### Work item
What is needed here is an exact copy of all the data.

(Entries taken from a collection)

------------------------------------------------------------

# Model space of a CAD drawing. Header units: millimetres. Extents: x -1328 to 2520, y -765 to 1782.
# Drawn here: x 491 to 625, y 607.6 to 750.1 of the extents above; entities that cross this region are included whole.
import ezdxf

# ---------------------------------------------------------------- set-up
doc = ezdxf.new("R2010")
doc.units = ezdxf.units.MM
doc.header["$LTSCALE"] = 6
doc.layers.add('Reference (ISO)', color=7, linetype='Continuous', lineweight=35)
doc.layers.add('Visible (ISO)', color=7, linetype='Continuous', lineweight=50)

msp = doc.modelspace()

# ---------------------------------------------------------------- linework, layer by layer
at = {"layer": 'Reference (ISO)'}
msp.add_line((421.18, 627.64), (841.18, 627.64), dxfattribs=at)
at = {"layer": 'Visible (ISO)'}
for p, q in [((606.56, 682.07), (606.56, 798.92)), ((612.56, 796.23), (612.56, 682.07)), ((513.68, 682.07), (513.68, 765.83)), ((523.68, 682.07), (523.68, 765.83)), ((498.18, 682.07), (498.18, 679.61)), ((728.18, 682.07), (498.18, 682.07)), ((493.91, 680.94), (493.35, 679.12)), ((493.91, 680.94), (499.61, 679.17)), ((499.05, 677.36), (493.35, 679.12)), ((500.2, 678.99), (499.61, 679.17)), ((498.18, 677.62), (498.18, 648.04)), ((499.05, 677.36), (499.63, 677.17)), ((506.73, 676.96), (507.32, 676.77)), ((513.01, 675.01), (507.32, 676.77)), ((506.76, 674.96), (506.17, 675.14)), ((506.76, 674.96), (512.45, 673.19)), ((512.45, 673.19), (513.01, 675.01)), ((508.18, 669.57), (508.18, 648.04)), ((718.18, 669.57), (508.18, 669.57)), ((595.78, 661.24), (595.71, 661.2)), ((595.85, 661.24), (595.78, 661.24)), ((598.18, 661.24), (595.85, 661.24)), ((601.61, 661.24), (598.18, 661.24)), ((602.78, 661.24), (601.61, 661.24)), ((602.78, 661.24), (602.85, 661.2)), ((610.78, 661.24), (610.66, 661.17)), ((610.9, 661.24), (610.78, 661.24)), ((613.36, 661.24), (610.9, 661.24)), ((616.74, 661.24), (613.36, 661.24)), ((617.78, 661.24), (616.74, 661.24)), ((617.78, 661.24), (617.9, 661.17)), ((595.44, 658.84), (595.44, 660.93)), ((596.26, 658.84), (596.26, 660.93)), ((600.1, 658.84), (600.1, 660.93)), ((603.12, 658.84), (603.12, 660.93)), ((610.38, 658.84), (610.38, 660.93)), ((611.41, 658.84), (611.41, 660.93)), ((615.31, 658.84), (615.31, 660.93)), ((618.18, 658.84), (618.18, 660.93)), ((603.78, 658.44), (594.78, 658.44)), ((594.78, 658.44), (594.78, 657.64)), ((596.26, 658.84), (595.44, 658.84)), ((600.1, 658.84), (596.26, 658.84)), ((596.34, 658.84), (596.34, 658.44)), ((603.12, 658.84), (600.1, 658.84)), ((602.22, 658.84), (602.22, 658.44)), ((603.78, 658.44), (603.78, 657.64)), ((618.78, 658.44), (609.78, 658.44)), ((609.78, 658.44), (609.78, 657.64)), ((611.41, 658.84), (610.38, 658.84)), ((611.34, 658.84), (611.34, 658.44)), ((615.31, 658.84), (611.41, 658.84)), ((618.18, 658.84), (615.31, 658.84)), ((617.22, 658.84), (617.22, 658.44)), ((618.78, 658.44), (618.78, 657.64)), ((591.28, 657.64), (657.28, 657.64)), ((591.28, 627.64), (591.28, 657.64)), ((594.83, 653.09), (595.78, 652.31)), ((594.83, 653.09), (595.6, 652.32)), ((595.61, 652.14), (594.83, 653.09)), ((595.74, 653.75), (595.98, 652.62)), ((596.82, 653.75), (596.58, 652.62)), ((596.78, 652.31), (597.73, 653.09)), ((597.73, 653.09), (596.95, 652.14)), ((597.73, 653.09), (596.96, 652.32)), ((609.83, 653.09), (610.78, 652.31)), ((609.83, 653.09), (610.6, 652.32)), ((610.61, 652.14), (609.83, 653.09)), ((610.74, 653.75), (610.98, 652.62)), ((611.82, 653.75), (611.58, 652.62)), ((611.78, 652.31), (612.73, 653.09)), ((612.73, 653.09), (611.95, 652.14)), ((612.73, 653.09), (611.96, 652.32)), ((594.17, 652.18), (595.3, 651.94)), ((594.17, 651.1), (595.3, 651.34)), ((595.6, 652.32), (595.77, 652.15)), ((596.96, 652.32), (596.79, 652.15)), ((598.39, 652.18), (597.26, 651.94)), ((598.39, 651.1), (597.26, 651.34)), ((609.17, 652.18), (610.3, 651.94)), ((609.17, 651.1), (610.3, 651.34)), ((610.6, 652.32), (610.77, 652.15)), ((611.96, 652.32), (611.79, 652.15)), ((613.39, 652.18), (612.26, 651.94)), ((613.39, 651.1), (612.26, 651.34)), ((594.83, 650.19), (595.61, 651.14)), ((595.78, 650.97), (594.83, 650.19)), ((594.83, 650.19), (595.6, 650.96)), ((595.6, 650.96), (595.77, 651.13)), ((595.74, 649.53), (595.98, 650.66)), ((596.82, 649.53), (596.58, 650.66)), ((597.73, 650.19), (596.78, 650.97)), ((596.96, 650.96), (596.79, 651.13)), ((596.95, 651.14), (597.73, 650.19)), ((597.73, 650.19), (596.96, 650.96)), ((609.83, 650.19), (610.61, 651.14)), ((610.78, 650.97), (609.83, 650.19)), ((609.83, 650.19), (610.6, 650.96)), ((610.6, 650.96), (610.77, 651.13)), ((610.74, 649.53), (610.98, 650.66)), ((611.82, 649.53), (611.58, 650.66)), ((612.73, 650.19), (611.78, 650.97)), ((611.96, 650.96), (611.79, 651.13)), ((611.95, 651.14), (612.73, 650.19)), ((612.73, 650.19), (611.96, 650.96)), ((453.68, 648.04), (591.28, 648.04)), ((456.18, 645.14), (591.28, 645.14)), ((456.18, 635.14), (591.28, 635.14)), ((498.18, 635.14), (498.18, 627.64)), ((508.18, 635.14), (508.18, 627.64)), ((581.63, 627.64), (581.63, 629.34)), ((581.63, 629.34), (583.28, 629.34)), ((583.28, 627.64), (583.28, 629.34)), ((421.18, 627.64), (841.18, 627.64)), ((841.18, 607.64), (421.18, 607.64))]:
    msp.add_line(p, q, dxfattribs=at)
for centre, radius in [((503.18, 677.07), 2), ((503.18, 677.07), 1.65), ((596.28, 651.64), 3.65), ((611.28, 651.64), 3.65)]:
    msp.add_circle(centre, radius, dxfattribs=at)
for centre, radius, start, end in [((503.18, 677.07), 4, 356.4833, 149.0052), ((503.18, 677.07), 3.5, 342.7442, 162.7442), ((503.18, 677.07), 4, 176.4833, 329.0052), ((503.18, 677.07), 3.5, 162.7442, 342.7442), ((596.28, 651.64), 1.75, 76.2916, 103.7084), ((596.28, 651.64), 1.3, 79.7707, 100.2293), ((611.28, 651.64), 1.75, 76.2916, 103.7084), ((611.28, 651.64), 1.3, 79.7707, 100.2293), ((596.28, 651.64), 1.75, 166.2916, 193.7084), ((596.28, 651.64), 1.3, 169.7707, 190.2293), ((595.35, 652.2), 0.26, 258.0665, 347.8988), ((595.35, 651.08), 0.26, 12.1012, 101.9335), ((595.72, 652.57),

------------------------------------------------------------

### Solution to this task
# Model space of a CAD drawing. Header units: millimetres. Extents: x -1328 to 2520, y -765 to 1782.
# Drawn here: x 491 to 625, y 607.6 to 750.1 of the extents above; entities that cross this region are included whole.
import ezdxf

# ---------------------------------------------------------------- set-up
doc = ezdxf.new("R2010")
doc.units = ezdxf.units.MM
doc.header["$LTSCALE"] = 6
doc.layers.add('Reference (ISO)', color=7, linetype='Continuous', lineweight=35)
doc.layers.add('Visible (ISO)', color=7, linetype='Continuous', lineweight=50)

msp = doc.modelspace()

# ---------------------------------------------------------------- linework, layer by layer
at = {"layer": 'Reference (ISO)'}
msp.add_line((421.18, 627.64), (841.18, 627.64), dxfattribs=at)
at = {"layer": 'Visible (ISO)'}
for p, q in [((606.56, 682.07), (606.56, 798.92)), ((612.56, 796.23), (612.56, 682.07)), ((513.68, 682.07), (513.68, 765.83)), ((523.68, 682.07), (523.68, 765.83)), ((498.18, 682.07), (498.18, 679.61)), ((728.18, 682.07), (498.18, 682.07)), ((493.91, 680.94), (493.35, 679.12)), ((493.91, 680.94), (499.61, 679.17)), ((499.05, 677.36), (493.35, 679.12)), ((500.2, 678.99), (499.61, 679.17)), ((498.18, 677.62), (498.18, 648.04)), ((499.05, 677.36), (499.63, 677.17)), ((506.73, 676.96), (507.32, 676.77)), ((513.01, 675.01), (507.32, 676.77)), ((506.76, 674.96), (506.17, 675.14)), ((506.76, 674.96), (512.45, 673.19)), ((512.45, 673.19), (513.01, 675.01)), ((508.18, 669.57), (508.18, 648.04)), ((718.18, 669.57), (508.18, 669.57)), ((595.78, 661.24), (595.71, 661.2)), ((595.85, 661.24), (595.78, 661.24)), ((598.18, 661.24), (595.85, 661.24)), ((601.61, 661.24), (598.18, 661.24)), ((602.78, 661.24), (601.61, 661.24)), ((602.78, 661.24), (602.85, 661.2)), ((610.78, 661.24), (610.66, 661.17)), ((610.9, 661.24), (610.78, 661.24)), ((613.36, 661.24), (610.9, 661.24)), ((616.74, 661.24), (613.36, 661.24)), ((617.78, 661.24), (616.74, 661.24)), ((617.78, 661.24), (617.9, 661.17)), ((595.44, 658.84), (595.44, 660.93)), ((596.26, 658.84), (596.26, 660.93)), ((600.1, 658.84), (600.1, 660.93)), ((603.12, 658.84), (603.12, 660.93)), ((610.38, 658.84), (610.38, 660.93)), ((611.41, 658.84), (611.41, 660.93)), ((615.31, 658.84), (615.31, 660.93)), ((618.18, 658.84), (618.18, 660.93)), ((603.78, 658.44), (594.78, 658.44)), ((594.78, 658.44), (594.78, 657.64)), ((596.26, 658.84), (595.44, 658.84)), ((600.1, 658.84), (596.26, 658.84)), ((596.34, 658.84), (596.34, 658.44)), ((603.12, 658.84), (600.1, 658.84)), ((602.22, 658.84), (602.22, 658.44)), ((603.78, 658.44), (603.78, 657.64)), ((618.78, 658.44), (609.78, 658.44)), ((609.78, 658.44), (609.78, 657.64)), ((611.41, 658.84), (610.38, 658.84)), ((611.34, 658.84), (611.34, 658.44)), ((615.31, 658.84), (611.41, 658.84)), ((618.18, 658.84), (615.31, 658.84)), ((617.22, 658.84), (617.22, 658.44)), ((618.78, 658.44), (618.78, 657.64)), ((591.28, 657.64), (657.28, 657.64)), ((591.28, 627.64), (591.28, 657.64)), ((594.83, 653.09), (595.78, 652.31)), ((594.83, 653.09), (595.6, 652.32)), ((595.61, 652.14), (594.83, 653.09)), ((595.74, 653.75), (595.98, 652.62)), ((596.82, 653.75), (596.58, 652.62)), ((596.78, 652.31), (597.73, 653.09)), ((597.73, 653.09), (596.95, 652.14)), ((597.73, 653.09), (596.96, 652.32)), ((609.83, 653.09), (610.78, 652.31)), ((609.83, 653.09), (610.6, 652.32)), ((610.61, 652.14), (609.83, 653.09)), ((610.74, 653.75), (610.98, 652.62)), ((611.82, 653.75), (611.58, 652.62)), ((611.78, 652.31), (612.73, 653.09)), ((612.73, 653.09), (611.95, 652.14)), ((612.73, 653.09), (611.96, 652.32)), ((594.17, 652.18), (595.3, 651.94)), ((594.17, 651.1), (595.3, 651.34)), ((595.6, 652.32), (595.77, 652.15)), ((596.96, 652.32), (596.79, 652.15)), ((598.39, 652.18), (597.26, 651.94)), ((598.39, 651.1), (597.26, 651.34)), ((609.17, 652.18), (610.3, 651.94)), ((609.17, 651.1), (610.3, 651.34)), ((610.6, 652.32), (610.77, 652.15)), ((611.96, 652.32), (611.79, 652.15)), ((613.39, 652.18), (612.26, 651.94)), ((613.39, 651.1), (612.26, 651.34)), ((594.83, 650.19), (595.61, 651.14)), ((595.78, 650.97), (594.83, 650.19)), ((594.83, 650.19), (595.6, 650.96)), ((595.6, 650.96), (595.77, 651.13)), ((595.74, 649.53), (595.98, 650.66)), ((596.82, 649.53), (596.58, 650.66)), ((597.73, 650.19), (596.78, 650.97)), ((596.96, 650.96), (596.79, 651.13)), ((596.95, 651.14), (597.73, 650.19)), ((597.73, 650.19), (596.96, 650.96)), ((609.83, 650.19), (610.61, 651.14)), ((610.78, 650.97), (609.83, 650.19)), ((609.83, 650.19), (610.6, 650.96)), ((610.6, 650.96), (610.77, 651.13)), ((610.74, 649.53), (610.98, 650.66)), ((611.82, 649.53), (611.58, 650.66)), ((612.73, 650.19), (611.78, 650.97)), ((611.96, 650.96), (611.79, 651.13)), ((611.95, 651.14), (612.73, 650.19)), ((612.73, 650.19), (611.96, 650.96)), ((453.68, 648.04), (591.28, 648.04)), ((456.18, 645.14), (591.28, 645.14)), ((456.18, 635.14), (591.28, 635.14)), ((498.18, 635.14), (498.18, 627.64)), ((508.18, 635.14), (508.18, 627.64)), ((581.63, 627.64), (581.63, 629.34)), ((581.63, 629.34), (583.28, 629.34)), ((583.28, 627.64), (583.28, 629.34)), ((421.18, 627.64), (841.18, 627.64)), ((841.18, 607.64), (421.18, 607.64))]:
    msp.add_line(p, q, dxfattribs=at)
for centre, radius in [((503.18, 677.07), 2), ((503.18, 677.07), 1.65), ((596.28, 651.64), 3.65), ((611.28, 651.64), 3.65)]:
    msp.add_circle(centre, radius, dxfattribs=at)
for centre, radius, start, end in [((503.18, 677.07), 4, 356.4833, 149.0052), ((503.18, 677.07), 3.5, 342.7442, 162.7442), ((503.18, 677.07), 4, 176.4833, 329.0052), ((503.18, 677.07), 3.5, 162.7442, 342.7442), ((596.28, 651.64), 1.75, 76.2916, 103.7084), ((596.28, 651.64), 1.3, 79.7707, 100.2293), ((611.28, 651.64), 1.75, 76.2916, 103.7084), ((611.28, 651.64), 1.3, 79.7707, 100.2293), ((596.28, 651.64), 1.75, 166.2916, 193.7084), ((596.28, 651.64), 1.3, 169.7707, 190.2293), ((595.35, 652.2), 0.26, 258.0665, 347.8988), ((595.35, 651.08), 0.26, 12.1012, 101.9335), ((595.72, 652.57),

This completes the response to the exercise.